Before I wrote S Nevada Street, I assumed it was going to be one of the streets created in the 1895 Seattle Tide Lands plat that were named after states, such as Utah Avenue S, Colorado Avenue S, S Oregon Street, S Idaho Street, and SW Florida Street. As it turns out, no — it was originally Rainier Street, and it was renamed in the wake of the 1905 annexation of the town of South Seattle. I found this out by searching the archives of the Seattle Post-Intelligencer; unlike a number of other renaming ordinances, most notably the “Great Renaming” ordinance of 1895, the full text of Ordinance 13271 does not appear in the city database.

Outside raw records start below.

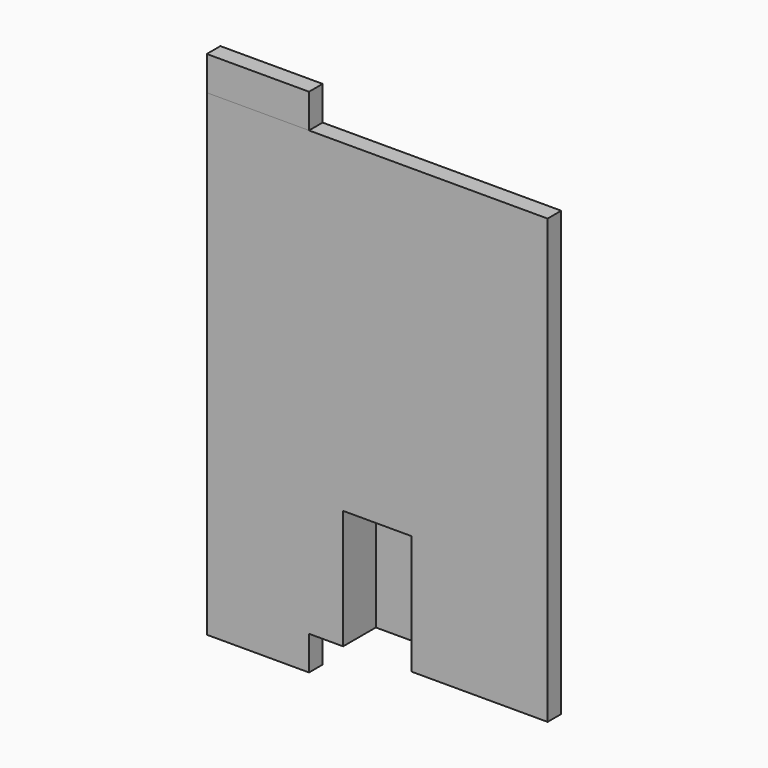
from build123d import *

# Parameters (mm, degrees)
F0_W      = 127
F0_H      = 165.1
F1_DEPTH  = 6.35
F2_W      = 12.7
F2_H      = 44.45
F3_DEPTH  = 25.4
F4_DEPTH  = 19.05
F5_W      = 25.4
F5_H      = 3.81
F6_DEPTH  = 44.45
F7_W      = 38.1
F7_H      = 12.7
F8_DEPTH  = 6.35
F9_W      = 38.1
F9_H      = 8.89
F10_DEPTH = 2.54
F11_W     = 38.1
F11_H     = 12.7
F12_DEPTH = 6.35


# Not quite as in the source:
# - a length typed as a fraction of an inch, garbled in the dataset ("3 / 203.2 mm" for 3/8 in), is restored


with BuildPart() as f1:
    # F0 (on Front) → F1 (new body)
    with BuildSketch(Plane.XZ):
        with Locations((10.689943251, 15.6320472565)):
            Rectangle(F0_W, F0_H)
    extrude(amount=F1_DEPTH)

    # F2 (on face) → F3 (cut)
    with BuildSketch(Plane.XZ.offset(6.35)):
        with Locations((4.339943251, -44.6929527435)):
            Rectangle(F2_W, F2_H)
        with Locations((17.039943251, -44.6929527435)):
            Rectangle(F2_W, F2_H)
    extrude(amount=-F3_DEPTH, mode=Mode.SUBTRACT)

    # F2 (on face) → F4 (join)
    with BuildSketch(Plane.XZ.offset(6.35)):
        Polygon((10.689943251, -22.4679527435), (10.689943251, -18.6579527435), (-5.820056749, -18.6579527435), (-5.820056749, -66.9179527435), (-2.010056749, -66.9179527435), (-2.010056749, -22.4679527435), align=None)
        Polygon((27.199943251, -18.6579527435), (10.689943251, -18.6579527435), (10.689943251, -22.4679527435), (23.389943251, -22.4679527435), (23.389943251, -66.9179527435), (27.199943251, -66.9179527435), align=None)
    extrude(amount=-F4_DEPTH)

    # F5 (on face) → F6 (join)
    with BuildSketch(Plane(origin=(0, 0, -22.4679527435), x_dir=(1, 0, 0), z_dir=(0, 0, -1))):
        with Locations((10.689943251, -10.795)):
            Rectangle(F5_W, F5_H)
    extrude(amount=F6_DEPTH)

    # F11 (on face) → F12 (join)
    with BuildSketch(Plane.XZ.offset(6.35)):
        with Locations((-33.760056749, -73.2679527435)):
            Rectangle(F11_W, F11_H)
    extrude(amount=-F12_DEPTH)


with BuildPart() as f8:
    # F7 (on face) → F8 (new body)
    with BuildSketch(Plane.XZ.offset(6.35)):
        with Locations((-33.760056749, 104.5320472565)):
            Rectangle(F7_W, F7_H)
    extrude(amount=-F8_DEPTH)


with BuildPart() as f10:
    # F9 (on face) → F10 (new body)
    with BuildSketch(Plane.XZ.offset(6.35)):
        with Locations((-33.760056749, 110.6541514468)):
            Rectangle(F9_W, F9_H)
    extrude(amount=F10_DEPTH)


solid = Compound([f1.part, f8.part])

It also did not (yet!) appear in my friend Rob Ketcherside’s searchable databases of Seattle street name changes. My article prompted him to do so, however, and last week he published Renaming Seattle in 1906, which “covers neighborhoods across the city, including Ravenna, Queen Anne, Magnolia, Montlake, Capitol Hill, Eastlake, Portage Bay, Madison Valley, Denny-Blaine, Madrona, Leschi, Georgetown, Beacon Hill, and Sodo.” His other such posts include:

They are an indispensable resource for anyone working on Seattle history.

Article on South Seattle street name changes in January 14, 1906, issue of the Seattle Post-Intelligencer
Article on South Seattle street name changes in January 14, 1906, issue of the Seattle Post-Intelligencer. Note the changing of Decatur Street, Sterrett Street (sic), and Gansvoort Street to 11th Avenue S, 12th Avenue S, and 13th Avenue S, respectively. Sterret and Gansvoort Streets were mentioned by Sophie Frye Bass (as Sterrett and Gansevoort) in the “Forgotten Streets” chapter in her Pig-Tail Days in Old Seattle: “Today not even obscure streets bear their names.” The Decatur name was later applied to Decatur Place S, which Bass described in 1937 as “a straggling ungraded hillside street,” hardly a fitting tribute to “the ship that saved Seattle.” She is referring to the 1856 Battle of Seattle, in which a group of Native Americans attacked the small settlement in what is today Pioneer Square. Decatur honored the USS Decatur, which took part in the fighting; Sterret, the ship’s captain, Isaac L. Sterret (who may have later joined the Confederate Navy); and Gansvoort, its commander that day, Guert Gansevoort.